What needs to be done =
Among the entries below, please repeat exactly and only the lines from the line containing "edge.add_line((424.15, 855.91), (424.15, 824.09))" to the line containing "edge.add_line((515.85, 835.83), (515.85, 844.17))", both lines included.

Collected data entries

————————

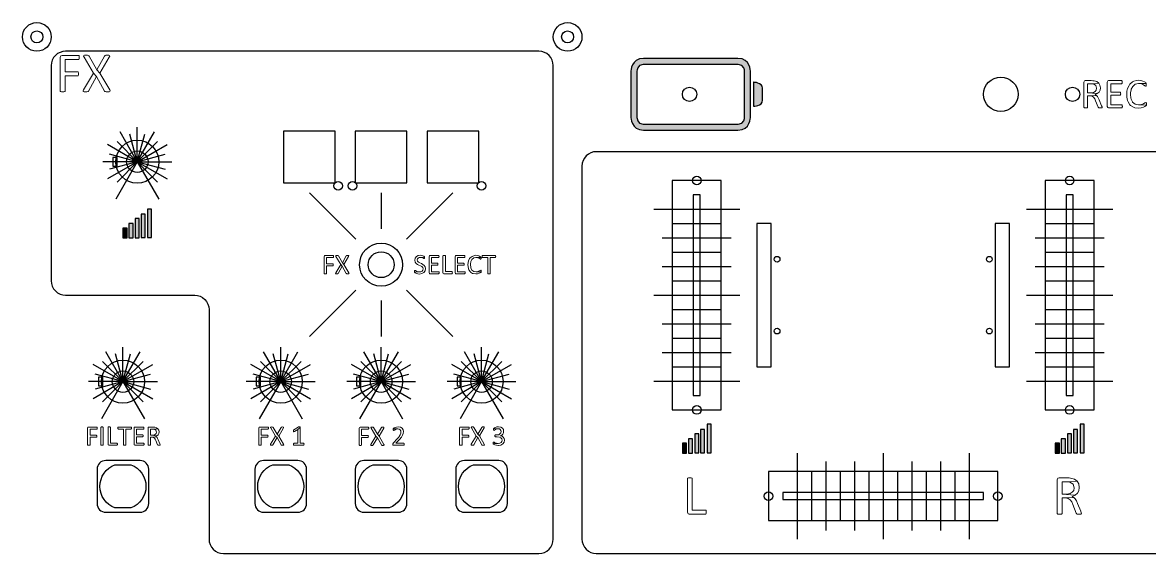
# Model space of a CAD drawing. Extents: x 0 to 1200, y 0 to 890.
# Drawn here: x 0 to 786, y 520 to 890 of the extents above; entities that cross this region are included whole.
import ezdxf

# ---------------------------------------------------------------- set-up
doc = ezdxf.new("R2010")
doc.units = 0
doc.header["$MEASUREMENT"] = 0
for name, color, linetype in [('FRONT', 174, 'CONTINUOUS'), ('LABELS__CHASSIS_', 7, 'CONTINUOUS'), ('PANEL', 94, 'CONTINUOUS')]:
    doc.layers.add(name, color=color, linetype=linetype)

msp = doc.modelspace()

# ---------------------------------------------------------------- hatches: boundary and pattern name
at = {"layer": 'LABELS__CHASSIS_'}
h = msp.add_hatch(color=256, dxfattribs=at)
edge = h.paths.add_edge_path()
edge.add_line((507.51, 824.09), (507.51, 855.91))
edge.add_spline(control_points=[(507.51, 855.91), (507.51, 855.91), (507.51, 865.01), (498.74, 865.01)], knot_values=[0, 0, 0, 0, 1, 1, 1, 1], degree=3, periodic=0)
edge.add_line((498.74, 865.01), (432.93, 865.01))
edge.add_spline(control_points=[(432.93, 865.01), (424.22, 865.01), (424.15, 855.91), (424.15, 855.91)], knot_values=[0, 0, 0, 0, 1, 1, 1, 1], degree=3, periodic=0)
edge.add_line((424.15, 855.91), (424.15, 824.09))
edge.add_spline(control_points=[(424.15, 824.09), (424.15, 824.09), (424.15, 814.99), (432.93, 814.99)], knot_values=[0, 0, 0, 0, 1, 1, 1, 1], degree=3, periodic=0)
edge.add_line((432.93, 814.99), (498.74, 814.99))
edge.add_spline(control_points=[(498.74, 814.99), (507.51, 814.99), (507.51, 824.09), (507.51, 824.09)], knot_values=[0, 0, 0, 0, 1, 1, 1, 1], degree=3, periodic=0)
edge = h.paths.add_edge_path(flags=16)
edge.add_line((503.35, 823.79), (503.35, 856.21))
edge.add_spline(control_points=[(503.35, 856.21), (503.35, 856.21), (503.48, 860.84), (498.93, 860.84)], knot_values=[0, 0, 0, 0, 1, 1, 1, 1], degree=3, periodic=0)
edge.add_line((498.93, 860.84), (432.73, 860.84))
edge.add_spline(control_points=[(432.73, 860.84), (428.32, 860.84), (428.32, 856.21), (428.32, 856.21)], knot_values=[0, 0, 0, 0, 1, 1, 1, 1], degree=3, periodic=0)
edge.add_line((428.32, 856.21), (428.32, 823.79))
edge.add_spline(control_points=[(428.32, 823.79), (428.32, 823.79), (428.32, 819.16), (432.73, 819.16)], knot_values=[0, 0, 0, 0, 1, 1, 1, 1], degree=3, periodic=0)
edge.add_line((432.73, 819.16), (498.93, 819.16))
edge.add_spline(control_points=[(498.93, 819.16), (503.35, 819.16), (503.35, 823.79), (503.35, 823.79)], knot_values=[0, 0, 0, 0, 1, 1, 1, 1], degree=3, periodic=0)
edge = h.paths.add_edge_path()
edge.add_line((509.59, 848.46), (509.59, 831.66))
edge.add_spline(control_points=[(509.59, 831.66), (509.59, 831.66), (515.85, 831.66), (515.85, 835.83)], knot_values=[0, 0, 0, 0, 1, 1, 1, 1], degree=3, periodic=0)
edge.add_line((515.85, 835.83), (515.85, 844.17))
edge.add_spline(control_points=[(515.85, 844.17), (515.85, 848.34), (509.59, 848.34), (509.59, 848.46)], knot_values=[0, 0, 0, 0, 1, 1, 1, 1], degree=3, periodic=0)
for points in [[(82.69, 740.15), (85.48, 740.15), (85.48, 756.39), (82.69, 756.39)], [(87.21, 740.1), (90, 740.1), (90, 760), (87.21, 760)], [(70, 740), (72.83, 740), (72.83, 746.77), (70, 746.77)], [(74.19, 740), (77.02, 740), (77.02, 749.87), (74.19, 749.87)], [(78.58, 740.05), (81.38, 740.05), (81.38, 753.44), (78.58, 753.44)], [(472.69, 590.15), (475.48, 590.15), (475.48, 606.39), (472.69, 606.39)], [(477.21, 590.1), (480, 590.1), (480, 610), (477.21, 610)], [(732.69, 590.15), (735.48, 590.15), (735.48, 606.39), (732.69, 606.39)], [(737.21, 590.1), (740, 590.1), (740, 610), (737.21, 610)], [(464.19, 590), (467.02, 590), (467.02, 599.87), (464.19, 599.87)], [(468.58, 590.05), (471.38, 590.05), (471.38, 603.44), (468.58, 603.44)], [(724.19, 590), (727.02, 590), (727.02, 599.87), (724.19, 599.87)], [(728.58, 590.05), (731.38, 590.05), (731.38, 603.44), (728.58, 603.44)], [(460, 590), (462.83, 590), (462.83, 596.77), (460, 596.77)], [(720, 590), (722.83, 590), (722.83, 596.77), (720, 596.77)]]:
    msp.add_hatch(color=256, dxfattribs=at).paths.add_polyline_path(points)

# ---------------------------------------------------------------- linework, layer by layer
at = {"layer": 'FRONT', "linetype": 'Continuous'}
for points in [[(0, 880, -1), (20, 880, -1)], [(370, 880, -1), (390, 880, -1)], [(727, 840, -1), (737, 840, -1)], [(65, 793, -1), (95, 793, -1)], [(235, 721.25, -1), (265, 721.25, -1)], [(55, 639.75, -1), (85, 639.75, -1)], [(165, 639.75, -1), (195, 639.75, -1)], [(235, 639.75, -1), (265, 639.75, -1)], [(305, 639.75, -1), (335, 639.75, -1)], [(58, 548.75), (82, 548.75, 0.414214), (88, 554.75), (88, 578.75, 0.414214), (82, 584.75), (58, 584.75, 0.414214), (52, 578.75), (52, 554.75, 0.414214)], [(168, 548.75), (192, 548.75, 0.414214), (198, 554.75), (198, 578.75, 0.414214), (192, 584.75), (168, 584.75, 0.414214), (162, 578.75), (162, 554.75, 0.414214)], [(238, 548.75), (262, 548.75, 0.414214), (268, 554.75), (268, 578.75, 0.414214), (262, 584.75), (238, 584.75, 0.414214), (232, 578.75), (232, 554.75, 0.414214)], [(308, 548.75), (332, 548.75, 0.414214), (338, 554.75), (338, 578.75, 0.414214), (332, 584.75), (308, 584.75, 0.414214), (302, 578.75), (302, 554.75, 0.414214)]]:
    msp.add_lwpolyline(points, format="xyb", close=True, dxfattribs=at)
for points in [[(487, 620), (487, 780), (453, 780), (453, 620)], [(747, 620), (747, 780), (713, 780), (713, 620)], [(520, 543), (680, 543), (680, 577), (520, 577)]]:
    msp.add_lwpolyline(points, close=True, dxfattribs=at)
at = {"layer": 'LABELS__CHASSIS_', "linetype": 'Continuous'}
for p, q in [((498.74, 865.01), (432.93, 865.01)), ((498.93, 860.84), (432.73, 860.84)), ((424.15, 855.91), (424.15, 824.09)), ((428.32, 856.21), (428.32, 823.79)), ((503.35, 823.79), (503.35, 856.21)), ((507.51, 824.09), (507.51, 855.91)), ((509.59, 848.46), (509.59, 831.66)), ((515.85, 835.83), (515.85, 844.17)), ((432.73, 819.16), (498.93, 819.16)), ((80, 793), (68, 813.78)), ((80, 793), (74.82, 812.32)), ((80, 793), (80, 817)), ((80, 793), (92, 813.78)), ((80, 793), (85.18, 812.32)), ((432.93, 814.99), (498.74, 814.99)), ((80, 793), (59.22, 805)), ((80, 793), (65.86, 807.14)), ((80, 793), (94.14, 807.14)), ((80, 793), (100.78, 805)), ((80, 793), (60.68, 798.18)), ((80, 793), (99.32, 798.18)), ((80, 793), (56, 793)), ((80, 793), (59.22, 781)), ((80, 793), (60.68, 787.82)), ((80, 793), (65, 767.02)), ((80, 793), (65.86, 778.86)), ((80, 793), (95, 767.02)), ((80, 793), (104, 793)), ((80, 793), (100.78, 781)), ((80, 793), (94.14, 778.86)), ((80, 793), (99.32, 787.82)), ((200, 771.25), (232.32, 738.93)), ((250, 771.25), (250, 746.25)), ((300, 771.25), (267.68, 738.93)), ((440, 760), (500, 760)), ((700, 760), (760, 760)), ((453, 750), (487, 750)), ((713, 750), (747, 750)), ((446, 740), (494, 740)), ((706, 740), (754, 740)), ((453, 730), (487, 730)), ((713, 730), (747, 730)), ((446, 720), (494, 720)), ((706, 720), (754, 720)), ((453, 710), (487, 710)), ((713, 710), (747, 710)), ((232.32, 703.57), (200, 671.25)), ((267.68, 703.57), (300, 671.25)), ((440, 700), (500, 700)), ((700, 700), (760, 700)), ((250, 696.25), (250, 671.25)), ((453, 690), (487, 690)), ((713, 690), (747, 690)), ((446, 680), (494, 680)), ((706, 680), (754, 680)), ((453, 670), (487, 670)), ((713, 670), (747, 670)), ((70, 639.75), (58, 660.53)), ((70, 639.75), (70, 663.75)), ((70, 639.75), (82, 660.53)), ((180, 639.75), (168, 660.53)), ((180, 639.75), (180, 663.75)), ((180, 639.75), (192, 660.53)), ((250, 639.75), (238, 660.53)), ((250, 639.75), (250, 663.75)), ((250, 639.75), (262, 660.53)), ((320, 639.75), (308, 660.53)), ((320, 639.75), (320, 663.75)), ((320, 639.75), (332, 660.53)), ((446, 660), (494, 660)), ((706, 660), (754, 660)), ((70, 639.75), (55.86, 653.89)), ((70, 639.75), (64.82, 659.07)), ((70, 639.75), (75.18, 659.07)), ((70, 639.75), (84.14, 653.89)), ((180, 639.75), (165.86, 653.89)), ((180, 639.75), (174.82, 659.07)), ((180, 639.75), (185.18, 659.07)), ((180, 639.75), (194.14, 653.89)), ((250, 639.75), (235.86, 653.89)), ((250, 639.75), (244.82, 659.07)), ((250, 639.75), (255.18, 659.07)), ((250, 639.75), (264.14, 653.89)), ((320, 639.75), (305.86, 653.89)), ((320, 639.75), (314.82, 659.07)), ((320, 639.75), (325.18, 659.07)), ((320, 639.75), (334.14, 653.89)), ((70, 639.75), (49.22, 651.75)), ((70, 639.75), (50.68, 644.93)), ((70, 639.75), (90.78, 651.75)), ((70, 639.75), (89.32, 644.93)), ((180, 639.75), (159.22, 651.75)), ((180, 639.75), (160.68, 644.93)), ((180, 639.75), (200.78, 651.75)), ((180, 639.75), (199.32, 644.93)), ((250, 639.75), (229.22, 651.75)), ((250, 639.75), (230.68, 644.93)), ((250, 639.75), (270.78, 651.75)), ((250, 639.75), (269.32, 644.93)), ((320, 639.75), (299.22, 651.75)), ((320, 639.75), (300.68, 644.93)), ((320, 639.75), (340.78, 651.75)), ((320, 639.75), (339.32, 644.93)), ((453, 650), (487, 650)), ((713, 650), (747, 650)), ((70, 639.75), (46, 639.75)), ((70, 639.75), (49.22, 627.75)), ((70, 639.75), (50.68, 634.57)), ((70, 639.75), (55, 613.77)), ((70, 639.75), (55.86, 625.61)), ((70, 639.75), (85, 613.77)), ((70, 639.75), (94, 639.75)), ((70, 639.75), (90.78, 627.75)), ((70, 639.75), (84.14, 625.61)), ((70, 639.75), (89.32, 634.57)), ((180, 639.75), (156, 639.75)), ((180, 639.75), (159.22, 627.75)), ((180, 639.75), (160.68, 634.57)), ((180, 639.75), (165, 613.77)), ((180, 639.75), (165.86, 625.61)), ((180, 639.75), (195, 613.77)), ((180, 639.75), (204, 639.75)), ((180, 639.75), (200.78, 627.75)), ((180, 639.75), (194.14, 625.61)), ((180, 639.75), (199.32, 634.57)), ((250, 639.75), (226, 639.75)), ((250, 639.75), (229.22, 627.75)), ((250, 639.75), (230.68, 634.57)), ((250, 639.75), (235, 613.77)), ((250, 639.75), (235.86, 625.61)), ((250, 639.75), (265, 613.77)), ((250, 639.75), (274, 639.75)), ((250, 639.75), (270.78, 627.75)), ((250, 639.75), (264.14, 625.61)), ((250, 639.75), (269.32, 634.57)), ((320, 639.75), (296, 639.75)), ((320, 639.75), (299.22, 627.75)), ((320, 639.75), (300.68, 634.57)), ((320, 639.75), (305, 613.77)), ((320, 639.75), (305.86, 625.61)), ((320, 639.75), (335, 613.77)), ((320, 639.75), (344, 639.75)), ((320, 639.75), (340.78, 627.75)), ((320, 639.75), (334.14, 625.61)), ((320, 639.75), (339.32, 634.57)), ((440, 640), (500, 640)), ((700, 640), (760, 640)), ((540, 590), (540, 530)), ((600, 590), (600, 530)), ((660, 590), (660, 530)), ((560, 584), (560, 536)), ((580, 584), (580, 536)), ((620, 584), (620, 536)), ((640, 584), (640, 536)), ((550, 577), (550, 543)), ((570, 577), (570, 543)), ((590, 577), (590, 543)), ((610, 577), (610, 543)), ((630, 577), (630, 543)), ((650, 577), (650, 543))]:
    msp.add_line(p, q, dxfattribs=at)
for points in [[(140, 520), (360, 520, 0.414214), (370, 530), (370, 860, 0.414214), (360, 870), (160, 870), (130, 870), (30, 870, 0.414214), (20, 860), (20, 710, 0.414214), (30, 700), (120, 700, -0.414214), (130, 690), (130, 530, 0.414214)], [(400, 520), (800, 520, 0.414214), (810, 530), (810, 790, 0.414214), (800, 800), (400, 800, 0.414214), (390, 790), (390, 530, 0.414214)]]:
    msp.add_lwpolyline(points, format="xyb", close=True, dxfattribs=at)
at = {"layer": 'LABELS__CHASSIS_', "lineweight": 0}
for points in [[(38.89, 867.12), (27.55, 867.12), (26.73, 866.82), (26.29, 865.71), (26.29, 842.28), (26.36, 842.05), (26.66, 841.83), (27.18, 841.76), (27.99, 841.68), (28.81, 841.76), (29.33, 841.83), (29.55, 842.05), (29.62, 842.28), (29.62, 852.81), (38.37, 852.81), (38.67, 852.95), (38.89, 853.18), (39.04, 853.62), (39.04, 854.21), (39.04, 854.96), (38.89, 855.33), (38.67, 855.55), (38.37, 855.62), (29.62, 855.62), (29.62, 864.23), (38.89, 864.23), (39.19, 864.3), (39.41, 864.6), (39.49, 864.97), (39.56, 865.63), (39.49, 866.3), (39.41, 866.75), (39.19, 866.97)], [(44.31, 867.19), (43.19, 867.19), (42.68, 866.97), (42.6, 866.6), (42.9, 865.86), (49.5, 854.66), (51.65, 852.36), (57.21, 842.28), (57.43, 842.05), (57.73, 841.83), (58.32, 841.76), (59.29, 841.68), (60.32, 841.76), (60.92, 841.91), (61.07, 842.35), (60.77, 843.02), (53.87, 854.73), (51.8, 857.11), (46.38, 866.6), (46.16, 866.9), (45.86, 867.12), (45.27, 867.19)], [(59.06, 867.19), (58.17, 867.19), (57.65, 867.12), (57.36, 866.9), (57.21, 866.6), (51.8, 857.11), (53.87, 854.73), (60.47, 865.86), (60.77, 866.6), (60.62, 866.97), (60.1, 867.19)], [(49.5, 854.66), (42.6, 843.02), (42.3, 842.35), (42.38, 841.91), (42.9, 841.76), (43.94, 841.68), (44.83, 841.76), (45.42, 841.83), (45.72, 841.98), (45.94, 842.28), (51.65, 852.36)], [(744.92, 849.54), (740.91, 849.54), (740.24, 849.32), (739.95, 848.5), (739.95, 830.93), (740.02, 830.71), (740.24, 830.56), (740.61, 830.49), (741.21, 830.49), (741.8, 830.49), (742.17, 830.56), (742.39, 830.71), (742.47, 830.93), (742.47, 839.01), (744.17, 839.01), (748.62, 839.24), (747.81, 839.75), (749.29, 840.5), (742.47, 841.02), (742.47, 847.39), (744.62, 847.39), (750.33, 847.76), (748.92, 848.8), (746.99, 849.39), (746.1, 849.47)], [(766.12, 849.54), (757.15, 849.54), (756.56, 849.32), (756.19, 848.5), (756.19, 831.6), (756.56, 830.78), (757.15, 830.56), (766.27, 830.56), (766.49, 830.63), (766.64, 830.78), (766.72, 831.15), (766.79, 831.6), (766.72, 832.12), (766.64, 832.41), (766.49, 832.56), (766.27, 832.64), (758.71, 832.64), (758.71, 839.46), (765.09, 839.46), (765.31, 839.46), (765.46, 839.68), (765.53, 839.98), (765.6, 840.42), (765.53, 840.87), (765.46, 841.24), (765.31, 841.39), (765.09, 841.46), (758.71, 841.46), (758.71, 847.39), (766.12, 847.39), (766.35, 847.47), (766.49, 847.69), (766.64, 847.99), (766.64, 848.43), (766.64, 848.95), (766.49, 849.25), (766.35, 849.47)], [(778.06, 849.77), (776.88, 849.69), (774.73, 849.1), (773.84, 848.58), (772.06, 847.1), (771.39, 846.13), (770.35, 843.98), (769.91, 842.2), (769.76, 839.75), (769.83, 837.9), (770.35, 835.75), (770.72, 834.64), (771.91, 832.71), (772.5, 832.12), (774.5, 830.93), (775.47, 830.63), (777.77, 830.34), (779.77, 830.49), (781.4, 831), (782.51, 831.6), (783.1, 832.04), (783.33, 832.27), (783.48, 832.49), (778.14, 832.56), (777.99, 832.56), (775.69, 833.01), (773.91, 834.42), (773.76, 834.64), (772.8, 836.71), (772.65, 837.53), (772.43, 839.9), (772.43, 840.94), (772.8, 843.17), (772.95, 843.54), (773.98, 845.54), (773.98, 845.54), (775.76, 847.02), (775.76, 847.1), (778.06, 847.54), (783.33, 847.62), (783.25, 847.84), (783.03, 848.13), (782.29, 848.65), (781.1, 849.17), (779.69, 849.62)], [(750.33, 847.76), (744.62, 847.39), (745.81, 847.39), (746.62, 847.24), (748.25, 846.13), (748.77, 844.28), (748.55, 842.94), (747.88, 841.98), (746.62, 841.31), (744.92, 841.02), (742.47, 841.02), (749.29, 840.5), (750.48, 841.46), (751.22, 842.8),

————————

Task result =
edge.add_line((424.15, 855.91), (424.15, 824.09))
edge.add_spline(control_points=[(424.15, 824.09), (424.15, 824.09), (424.15, 814.99), (432.93, 814.99)], knot_values=[0, 0, 0, 0, 1, 1, 1, 1], degree=3, periodic=0)
edge.add_line((432.93, 814.99), (498.74, 814.99))
edge.add_spline(control_points=[(498.74, 814.99), (507.51, 814.99), (507.51, 824.09), (507.51, 824.09)], knot_values=[0, 0, 0, 0, 1, 1, 1, 1], degree=3, periodic=0)
edge = h.paths.add_edge_path(flags=16)
edge.add_line((503.35, 823.79), (503.35, 856.21))
edge.add_spline(control_points=[(503.35, 856.21), (503.35, 856.21), (503.48, 860.84), (498.93, 860.84)], knot_values=[0, 0, 0, 0, 1, 1, 1, 1], degree=3, periodic=0)
edge.add_line((498.93, 860.84), (432.73, 860.84))
edge.add_spline(control_points=[(432.73, 860.84), (428.32, 860.84), (428.32, 856.21), (428.32, 856.21)], knot_values=[0, 0, 0, 0, 1, 1, 1, 1], degree=3, periodic=0)
edge.add_line((428.32, 856.21), (428.32, 823.79))
edge.add_spline(control_points=[(428.32, 823.79), (428.32, 823.79), (428.32, 819.16), (432.73, 819.16)], knot_values=[0, 0, 0, 0, 1, 1, 1, 1], degree=3, periodic=0)
edge.add_line((432.73, 819.16), (498.93, 819.16))
edge.add_spline(control_points=[(498.93, 819.16), (503.35, 819.16), (503.35, 823.79), (503.35, 823.79)], knot_values=[0, 0, 0, 0, 1, 1, 1, 1], degree=3, periodic=0)
edge = h.paths.add_edge_path()
edge.add_line((509.59, 848.46), (509.59, 831.66))
edge.add_spline(control_points=[(509.59, 831.66), (509.59, 831.66), (515.85, 831.66), (515.85, 835.83)], knot_values=[0, 0, 0, 0, 1, 1, 1, 1], degree=3, periodic=0)
edge.add_line((515.85, 835.83), (515.85, 844.17))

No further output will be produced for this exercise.